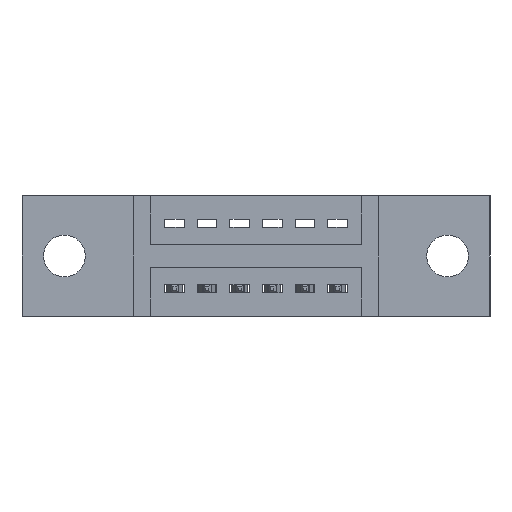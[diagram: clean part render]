
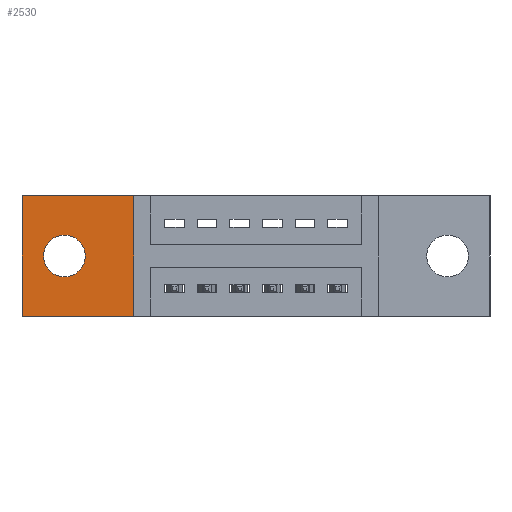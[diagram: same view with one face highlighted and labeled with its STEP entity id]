
A CAD part, front view. The second image highlights one B-rep face of the part: STEP entity #2530.
In plain terms, the highlighted planar face has unit normal (0, -1, 0).
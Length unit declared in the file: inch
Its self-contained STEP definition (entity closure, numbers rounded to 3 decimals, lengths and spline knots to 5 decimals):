
#359 = CARTESIAN_POINT ( 'NONE',  ( 0.3425, 0.11, 0. ) ) ;
#462 = CARTESIAN_POINT ( 'NONE',  ( 0., 0.11, 0. ) ) ;
#1074 = VERTEX_POINT ( 'NONE', #7972 ) ;
#1160 = DIRECTION ( 'NONE',  ( 0., 0., -1. ) ) ;
#1195 = EDGE_CURVE ( 'NONE', #3019, #8788, #3994, .T. ) ;
#1220 = FACE_OUTER_BOUND ( 'NONE', #4221, .T. ) ;
#1246 = CARTESIAN_POINT ( 'NONE',  ( 0., 0.11, 0. ) ) ;
#1267 = EDGE_CURVE ( 'NONE', #8788, #7322, #4454, .T. ) ;
#1342 = AXIS2_PLACEMENT_3D ( 'NONE', #3920, #8228, #3813 ) ;
#1652 = ORIENTED_EDGE ( 'NONE', *, *, #5545, .T. ) ;
#1711 = CARTESIAN_POINT ( 'NONE',  ( 0.3425, 0.11, -0.37 ) ) ;
#1998 = VERTEX_POINT ( 'NONE', #4683 ) ;
#2013 = DIRECTION ( 'NONE',  ( -1., 0., 0. ) ) ;
#2136 = CARTESIAN_POINT ( 'NONE',  ( 0.3425, 0.11, 0. ) ) ;
#2402 = ORIENTED_EDGE ( 'NONE', *, *, #1267, .T. ) ;
#2413 = PLANE ( 'NONE',  #1342 ) ;
#2455 = VECTOR ( 'NONE', #8873, 39.37008 ) ;
#2530 = ADVANCED_FACE ( 'NONE', ( #9464, #1220 ), #2413, .T. ) ;
#2647 = VECTOR ( 'NONE', #2013, 39.37008 ) ;
#2788 = ORIENTED_EDGE ( 'NONE', *, *, #4049, .F. ) ;
#2811 = VERTEX_POINT ( 'NONE', #359 ) ;
#2861 = CARTESIAN_POINT ( 'NONE',  ( 0., 0.11, 0. ) ) ;
#3019 = VERTEX_POINT ( 'NONE', #462 ) ;
#3285 = ORIENTED_EDGE ( 'NONE', *, *, #1195, .T. ) ;
#3395 = CIRCLE ( 'NONE', #6272, 0.064 ) ;
#3813 = DIRECTION ( 'NONE',  ( 0., 0., -1. ) ) ;
#3920 = CARTESIAN_POINT ( 'NONE',  ( 0., 0.11, -0.37 ) ) ;
#3994 = LINE ( 'NONE', #2861, #4461 ) ;
#4049 = EDGE_CURVE ( 'NONE', #1074, #1998, #6425, .T. ) ;
#4217 = DIRECTION ( 'NONE',  ( 0., -1., 0. ) ) ;
#4221 = EDGE_LOOP ( 'NONE', ( #3285, #2402, #6477, #1652 ) ) ;
#4454 = LINE ( 'NONE', #7553, #2455 ) ;
#4461 = VECTOR ( 'NONE', #9439, 39.37008 ) ;
#4683 = CARTESIAN_POINT ( 'NONE',  ( 0.13, 0.11, -0.121 ) ) ;
#4914 = CARTESIAN_POINT ( 'NONE',  ( 0.13, 0.11, -0.185 ) ) ;
#5545 = EDGE_CURVE ( 'NONE', #2811, #3019, #5575, .T. ) ;
#5575 = LINE ( 'NONE', #1246, #2647 ) ;
#5652 = DIRECTION ( 'NONE',  ( 0., -1., 0. ) ) ;
#5697 = VECTOR ( 'NONE', #6621, 39.37008 ) ;
#6240 = AXIS2_PLACEMENT_3D ( 'NONE', #4914, #5652, #1160 ) ;
#6272 = AXIS2_PLACEMENT_3D ( 'NONE', #8012, #4217, #8728 ) ;
#6278 = EDGE_LOOP ( 'NONE', ( #8051, #2788 ) ) ;
#6285 = EDGE_CURVE ( 'NONE', #1998, #1074, #3395, .T. ) ;
#6409 = EDGE_CURVE ( 'NONE', #7322, #2811, #7639, .T. ) ;
#6425 = CIRCLE ( 'NONE', #6240, 0.064 ) ;
#6477 = ORIENTED_EDGE ( 'NONE', *, *, #6409, .T. ) ;
#6621 = DIRECTION ( 'NONE',  ( 0., 0., 1. ) ) ;
#7322 = VERTEX_POINT ( 'NONE', #1711 ) ;
#7553 = CARTESIAN_POINT ( 'NONE',  ( 0., 0.11, -0.37 ) ) ;
#7639 = LINE ( 'NONE', #2136, #5697 ) ;
#7972 = CARTESIAN_POINT ( 'NONE',  ( 0.13, 0.11, -0.249 ) ) ;
#8012 = CARTESIAN_POINT ( 'NONE',  ( 0.13, 0.11, -0.185 ) ) ;
#8051 = ORIENTED_EDGE ( 'NONE', *, *, #6285, .F. ) ;
#8228 = DIRECTION ( 'NONE',  ( 0., -1., 0. ) ) ;
#8728 = DIRECTION ( 'NONE',  ( 0., 0., -1. ) ) ;
#8788 = VERTEX_POINT ( 'NONE', #9242 ) ;
#8873 = DIRECTION ( 'NONE',  ( 1., 0., 0. ) ) ;
#9242 = CARTESIAN_POINT ( 'NONE',  ( 0., 0.11, -0.37 ) ) ;
#9439 = DIRECTION ( 'NONE',  ( 0., 0., -1. ) ) ;
#9464 = FACE_BOUND ( 'NONE', #6278, .T. ) ;

####

* What is required
With "CIRCLE" as the word to match, copy each line of the records that has it.

* Reply to the task
#3395 = CIRCLE ( 'NONE', #6272, 0.064 ) ;
#6425 = CIRCLE ( 'NONE', #6240, 0.064 ) ;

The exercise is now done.